PROVIDED ENTRIES Block Start

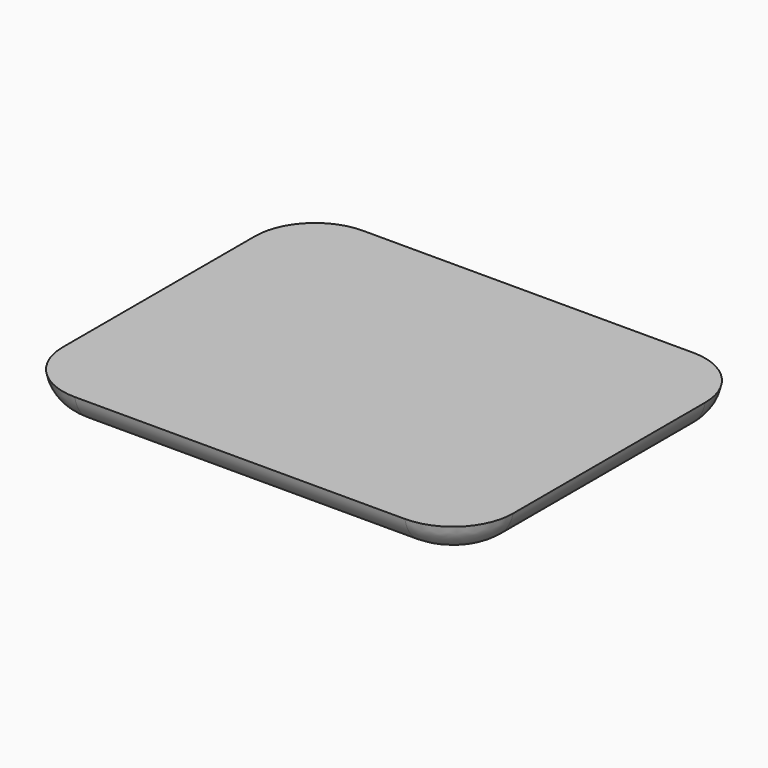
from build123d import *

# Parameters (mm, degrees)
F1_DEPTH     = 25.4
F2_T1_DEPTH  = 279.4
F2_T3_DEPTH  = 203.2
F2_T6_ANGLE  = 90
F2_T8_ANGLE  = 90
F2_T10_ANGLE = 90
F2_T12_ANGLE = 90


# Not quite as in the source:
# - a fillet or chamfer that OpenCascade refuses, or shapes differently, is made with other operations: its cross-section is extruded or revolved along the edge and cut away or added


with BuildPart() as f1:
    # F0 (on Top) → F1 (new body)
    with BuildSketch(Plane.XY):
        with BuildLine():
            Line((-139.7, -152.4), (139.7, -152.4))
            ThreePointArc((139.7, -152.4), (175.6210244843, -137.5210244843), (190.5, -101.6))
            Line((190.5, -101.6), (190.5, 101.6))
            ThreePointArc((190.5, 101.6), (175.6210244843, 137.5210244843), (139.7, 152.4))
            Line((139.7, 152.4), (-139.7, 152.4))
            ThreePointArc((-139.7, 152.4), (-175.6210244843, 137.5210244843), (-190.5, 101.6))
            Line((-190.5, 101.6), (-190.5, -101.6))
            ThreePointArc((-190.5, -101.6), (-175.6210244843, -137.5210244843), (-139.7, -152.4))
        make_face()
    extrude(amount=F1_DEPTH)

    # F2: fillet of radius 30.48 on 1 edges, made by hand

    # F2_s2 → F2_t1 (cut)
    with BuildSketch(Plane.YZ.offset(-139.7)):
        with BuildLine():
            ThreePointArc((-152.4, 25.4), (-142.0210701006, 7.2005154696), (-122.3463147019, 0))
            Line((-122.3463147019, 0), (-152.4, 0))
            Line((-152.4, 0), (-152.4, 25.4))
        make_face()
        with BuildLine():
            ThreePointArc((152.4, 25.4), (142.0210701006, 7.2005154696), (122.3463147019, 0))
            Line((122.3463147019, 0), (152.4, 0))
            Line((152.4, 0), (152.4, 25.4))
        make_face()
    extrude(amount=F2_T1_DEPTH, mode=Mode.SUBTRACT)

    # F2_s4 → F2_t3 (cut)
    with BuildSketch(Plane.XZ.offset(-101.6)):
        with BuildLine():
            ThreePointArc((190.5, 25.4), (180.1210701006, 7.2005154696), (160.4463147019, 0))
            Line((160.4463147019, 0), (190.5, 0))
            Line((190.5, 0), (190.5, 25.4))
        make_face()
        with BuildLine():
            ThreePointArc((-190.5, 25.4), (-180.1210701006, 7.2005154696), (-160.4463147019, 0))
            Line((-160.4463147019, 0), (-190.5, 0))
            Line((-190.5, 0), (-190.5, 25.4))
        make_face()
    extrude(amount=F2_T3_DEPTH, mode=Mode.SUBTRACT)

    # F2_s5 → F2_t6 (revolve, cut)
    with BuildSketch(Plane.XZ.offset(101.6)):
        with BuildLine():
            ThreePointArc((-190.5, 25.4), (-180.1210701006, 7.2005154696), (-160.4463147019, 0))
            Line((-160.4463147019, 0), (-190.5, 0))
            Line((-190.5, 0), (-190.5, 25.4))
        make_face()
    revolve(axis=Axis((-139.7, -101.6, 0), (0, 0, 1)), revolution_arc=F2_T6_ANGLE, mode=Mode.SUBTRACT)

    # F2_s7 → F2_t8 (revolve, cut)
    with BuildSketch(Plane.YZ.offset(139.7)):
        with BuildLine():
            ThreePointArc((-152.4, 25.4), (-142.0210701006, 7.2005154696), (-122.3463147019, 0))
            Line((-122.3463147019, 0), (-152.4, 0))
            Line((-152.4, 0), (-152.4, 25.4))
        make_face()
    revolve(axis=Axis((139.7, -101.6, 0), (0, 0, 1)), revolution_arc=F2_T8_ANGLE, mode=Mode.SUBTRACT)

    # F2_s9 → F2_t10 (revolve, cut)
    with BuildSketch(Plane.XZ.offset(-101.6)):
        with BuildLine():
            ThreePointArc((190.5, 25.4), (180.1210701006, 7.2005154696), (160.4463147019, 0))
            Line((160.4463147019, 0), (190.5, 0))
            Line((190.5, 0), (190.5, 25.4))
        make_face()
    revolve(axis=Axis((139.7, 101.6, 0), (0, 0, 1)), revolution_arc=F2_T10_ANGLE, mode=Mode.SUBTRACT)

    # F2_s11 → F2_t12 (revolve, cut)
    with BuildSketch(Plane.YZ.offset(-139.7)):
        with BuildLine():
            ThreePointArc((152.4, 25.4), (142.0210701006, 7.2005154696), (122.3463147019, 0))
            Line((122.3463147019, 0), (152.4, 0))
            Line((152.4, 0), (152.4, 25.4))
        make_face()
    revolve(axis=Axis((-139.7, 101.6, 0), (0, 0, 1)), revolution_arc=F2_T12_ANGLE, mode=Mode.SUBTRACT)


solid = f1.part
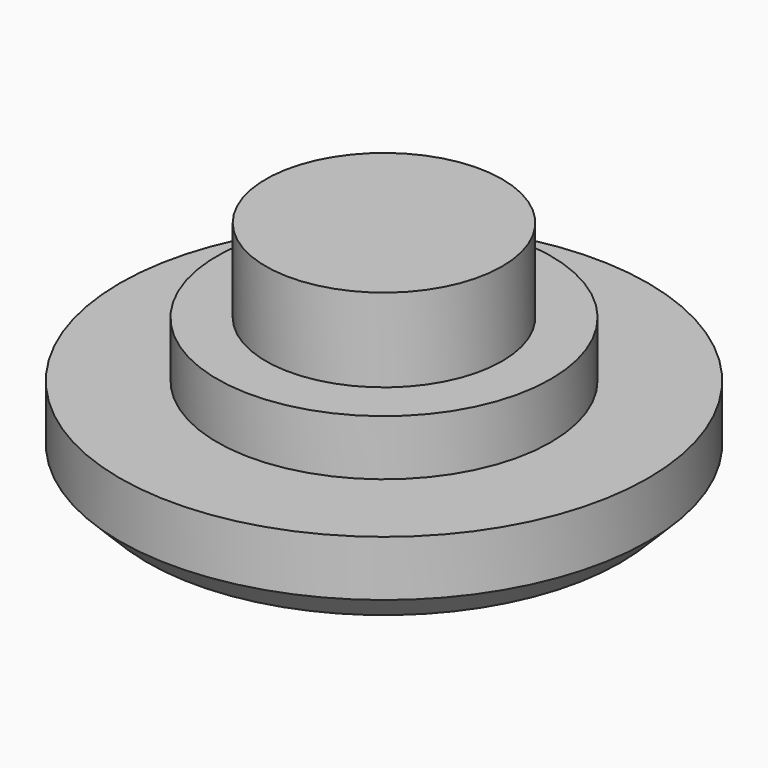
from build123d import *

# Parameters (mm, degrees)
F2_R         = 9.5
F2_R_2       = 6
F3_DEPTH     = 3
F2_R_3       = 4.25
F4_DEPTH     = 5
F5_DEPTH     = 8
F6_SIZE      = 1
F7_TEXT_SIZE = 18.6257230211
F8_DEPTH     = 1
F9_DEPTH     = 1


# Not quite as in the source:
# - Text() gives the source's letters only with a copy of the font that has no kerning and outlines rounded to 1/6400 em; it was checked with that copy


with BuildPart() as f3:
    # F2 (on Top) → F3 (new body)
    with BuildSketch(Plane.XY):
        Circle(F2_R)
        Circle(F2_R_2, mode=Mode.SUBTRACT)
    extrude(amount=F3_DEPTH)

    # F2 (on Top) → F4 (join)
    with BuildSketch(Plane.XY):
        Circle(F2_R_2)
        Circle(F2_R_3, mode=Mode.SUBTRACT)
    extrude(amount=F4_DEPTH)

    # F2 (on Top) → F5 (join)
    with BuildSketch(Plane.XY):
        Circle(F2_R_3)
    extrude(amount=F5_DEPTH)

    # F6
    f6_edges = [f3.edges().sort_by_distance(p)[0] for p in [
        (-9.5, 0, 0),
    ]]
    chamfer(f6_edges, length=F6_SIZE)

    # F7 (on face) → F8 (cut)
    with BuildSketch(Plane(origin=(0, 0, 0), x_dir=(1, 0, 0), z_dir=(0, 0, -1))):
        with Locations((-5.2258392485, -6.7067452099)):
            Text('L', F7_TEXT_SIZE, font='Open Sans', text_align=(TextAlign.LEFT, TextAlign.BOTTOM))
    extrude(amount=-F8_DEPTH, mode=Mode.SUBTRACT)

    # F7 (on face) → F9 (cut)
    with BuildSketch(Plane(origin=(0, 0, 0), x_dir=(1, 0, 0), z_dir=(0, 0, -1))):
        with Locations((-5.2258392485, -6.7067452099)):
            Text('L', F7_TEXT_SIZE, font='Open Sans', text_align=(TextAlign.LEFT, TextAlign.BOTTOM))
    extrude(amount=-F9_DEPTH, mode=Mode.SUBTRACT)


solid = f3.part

PROVIDED ENTRIES Block End

[EXERCISE DESCRIPTION]:
Word for word, restate all of the material above except its pictures.

[OUTPUT BELOW]:
from build123d import *

# Parameters (mm, degrees)
F1_DEPTH     = 25.4
F2_T1_DEPTH  = 279.4
F2_T3_DEPTH  = 203.2
F2_T6_ANGLE  = 90
F2_T8_ANGLE  = 90
F2_T10_ANGLE = 90
F2_T12_ANGLE = 90


# Not quite as in the source:
# - a fillet or chamfer that OpenCascade refuses, or shapes differently, is made with other operations: its cross-section is extruded or revolved along the edge and cut away or added


with BuildPart() as f1:
    # F0 (on Top) → F1 (new body)
    with BuildSketch(Plane.XY):
        with BuildLine():
            Line((-139.7, -152.4), (139.7, -152.4))
            ThreePointArc((139.7, -152.4), (175.6210244843, -137.5210244843), (190.5, -101.6))
            Line((190.5, -101.6), (190.5, 101.6))
            ThreePointArc((190.5, 101.6), (175.6210244843, 137.5210244843), (139.7, 152.4))
            Line((139.7, 152.4), (-139.7, 152.4))
            ThreePointArc((-139.7, 152.4), (-175.6210244843, 137.5210244843), (-190.5, 101.6))
            Line((-190.5, 101.6), (-190.5, -101.6))
            ThreePointArc((-190.5, -101.6), (-175.6210244843, -137.5210244843), (-139.7, -152.4))
        make_face()
    extrude(amount=F1_DEPTH)

    # F2: fillet of radius 30.48 on 1 edges, made by hand

    # F2_s2 → F2_t1 (cut)
    with BuildSketch(Plane.YZ.offset(-139.7)):
        with BuildLine():
            ThreePointArc((-152.4, 25.4), (-142.0210701006, 7.2005154696), (-122.3463147019, 0))
            Line((-122.3463147019, 0), (-152.4, 0))
            Line((-152.4, 0), (-152.4, 25.4))
        make_face()
        with BuildLine():
            ThreePointArc((152.4, 25.4), (142.0210701006, 7.2005154696), (122.3463147019, 0))
            Line((122.3463147019, 0), (152.4, 0))
            Line((152.4, 0), (152.4, 25.4))
        make_face()
    extrude(amount=F2_T1_DEPTH, mode=Mode.SUBTRACT)

    # F2_s4 → F2_t3 (cut)
    with BuildSketch(Plane.XZ.offset(-101.6)):
        with BuildLine():
            ThreePointArc((190.5, 25.4), (180.1210701006, 7.2005154696), (160.4463147019, 0))
            Line((160.4463147019, 0), (190.5, 0))
            Line((190.5, 0), (190.5, 25.4))
        make_face()
        with BuildLine():
            ThreePointArc((-190.5, 25.4), (-180.1210701006, 7.2005154696), (-160.4463147019, 0))
            Line((-160.4463147019, 0), (-190.5, 0))
            Line((-190.5, 0), (-190.5, 25.4))
        make_face()
    extrude(amount=F2_T3_DEPTH, mode=Mode.SUBTRACT)

    # F2_s5 → F2_t6 (revolve, cut)
    with BuildSketch(Plane.XZ.offset(101.6)):
        with BuildLine():
            ThreePointArc((-190.5, 25.4), (-180.1210701006, 7.2005154696), (-160.4463147019, 0))
            Line((-160.4463147019, 0), (-190.5, 0))
            Line((-190.5, 0), (-190.5, 25.4))
        make_face()
    revolve(axis=Axis((-139.7, -101.6, 0), (0, 0, 1)), revolution_arc=F2_T6_ANGLE, mode=Mode.SUBTRACT)

    # F2_s7 → F2_t8 (revolve, cut)
    with BuildSketch(Plane.YZ.offset(139.7)):
        with BuildLine():
            ThreePointArc((-152.4, 25.4), (-142.0210701006, 7.2005154696), (-122.3463147019, 0))
            Line((-122.3463147019, 0), (-152.4, 0))
            Line((-152.4, 0), (-152.4, 25.4))
        make_face()
    revolve(axis=Axis((139.7, -101.6, 0), (0, 0, 1)), revolution_arc=F2_T8_ANGLE, mode=Mode.SUBTRACT)

    # F2_s9 → F2_t10 (revolve, cut)
    with BuildSketch(Plane.XZ.offset(-101.6)):
        with BuildLine():
            ThreePointArc((190.5, 25.4), (180.1210701006, 7.2005154696), (160.4463147019, 0))
            Line((160.4463147019, 0), (190.5, 0))
            Line((190.5, 0), (190.5, 25.4))
        make_face()
    revolve(axis=Axis((139.7, 101.6, 0), (0, 0, 1)), revolution_arc=F2_T10_ANGLE, mode=Mode.SUBTRACT)

    # F2_s11 → F2_t12 (revolve, cut)
    with BuildSketch(Plane.YZ.offset(-139.7)):
        with BuildLine():
            ThreePointArc((152.4, 25.4), (142.0210701006, 7.2005154696), (122.3463147019, 0))
            Line((122.3463147019, 0), (152.4, 0))
            Line((152.4, 0), (152.4, 25.4))
        make_face()
    revolve(axis=Axis((-139.7, 101.6, 0), (0, 0, 1)), revolution_arc=F2_T12_ANGLE, mode=Mode.SUBTRACT)


solid = f1.part
from build123d import *

# Parameters (mm, degrees)
F2_R         = 9.5
F2_R_2       = 6
F3_DEPTH     = 3
F2_R_3       = 4.25
F4_DEPTH     = 5
F5_DEPTH     = 8
F6_SIZE      = 1
F7_TEXT_SIZE = 18.6257230211
F8_DEPTH     = 1
F9_DEPTH     = 1


# Not quite as in the source:
# - Text() gives the source's letters only with a copy of the font that has no kerning and outlines rounded to 1/6400 em; it was checked with that copy


with BuildPart() as f3:
    # F2 (on Top) → F3 (new body)
    with BuildSketch(Plane.XY):
        Circle(F2_R)
        Circle(F2_R_2, mode=Mode.SUBTRACT)
    extrude(amount=F3_DEPTH)

    # F2 (on Top) → F4 (join)
    with BuildSketch(Plane.XY):
        Circle(F2_R_2)
        Circle(F2_R_3, mode=Mode.SUBTRACT)
    extrude(amount=F4_DEPTH)

    # F2 (on Top) → F5 (join)
    with BuildSketch(Plane.XY):
        Circle(F2_R_3)
    extrude(amount=F5_DEPTH)

    # F6
    f6_edges = [f3.edges().sort_by_distance(p)[0] for p in [
        (-9.5, 0, 0),
    ]]
    chamfer(f6_edges, length=F6_SIZE)

    # F7 (on face) → F8 (cut)
    with BuildSketch(Plane(origin=(0, 0, 0), x_dir=(1, 0, 0), z_dir=(0, 0, -1))):
        with Locations((-5.2258392485, -6.7067452099)):
            Text('L', F7_TEXT_SIZE, font='Open Sans', text_align=(TextAlign.LEFT, TextAlign.BOTTOM))
    extrude(amount=-F8_DEPTH, mode=Mode.SUBTRACT)

    # F7 (on face) → F9 (cut)
    with BuildSketch(Plane(origin=(0, 0, 0), x_dir=(1, 0, 0), z_dir=(0, 0, -1))):
        with Locations((-5.2258392485, -6.7067452099)):
            Text('L', F7_TEXT_SIZE, font='Open Sans', text_align=(TextAlign.LEFT, TextAlign.BOTTOM))
    extrude(amount=-F9_DEPTH, mode=Mode.SUBTRACT)


solid = f3.part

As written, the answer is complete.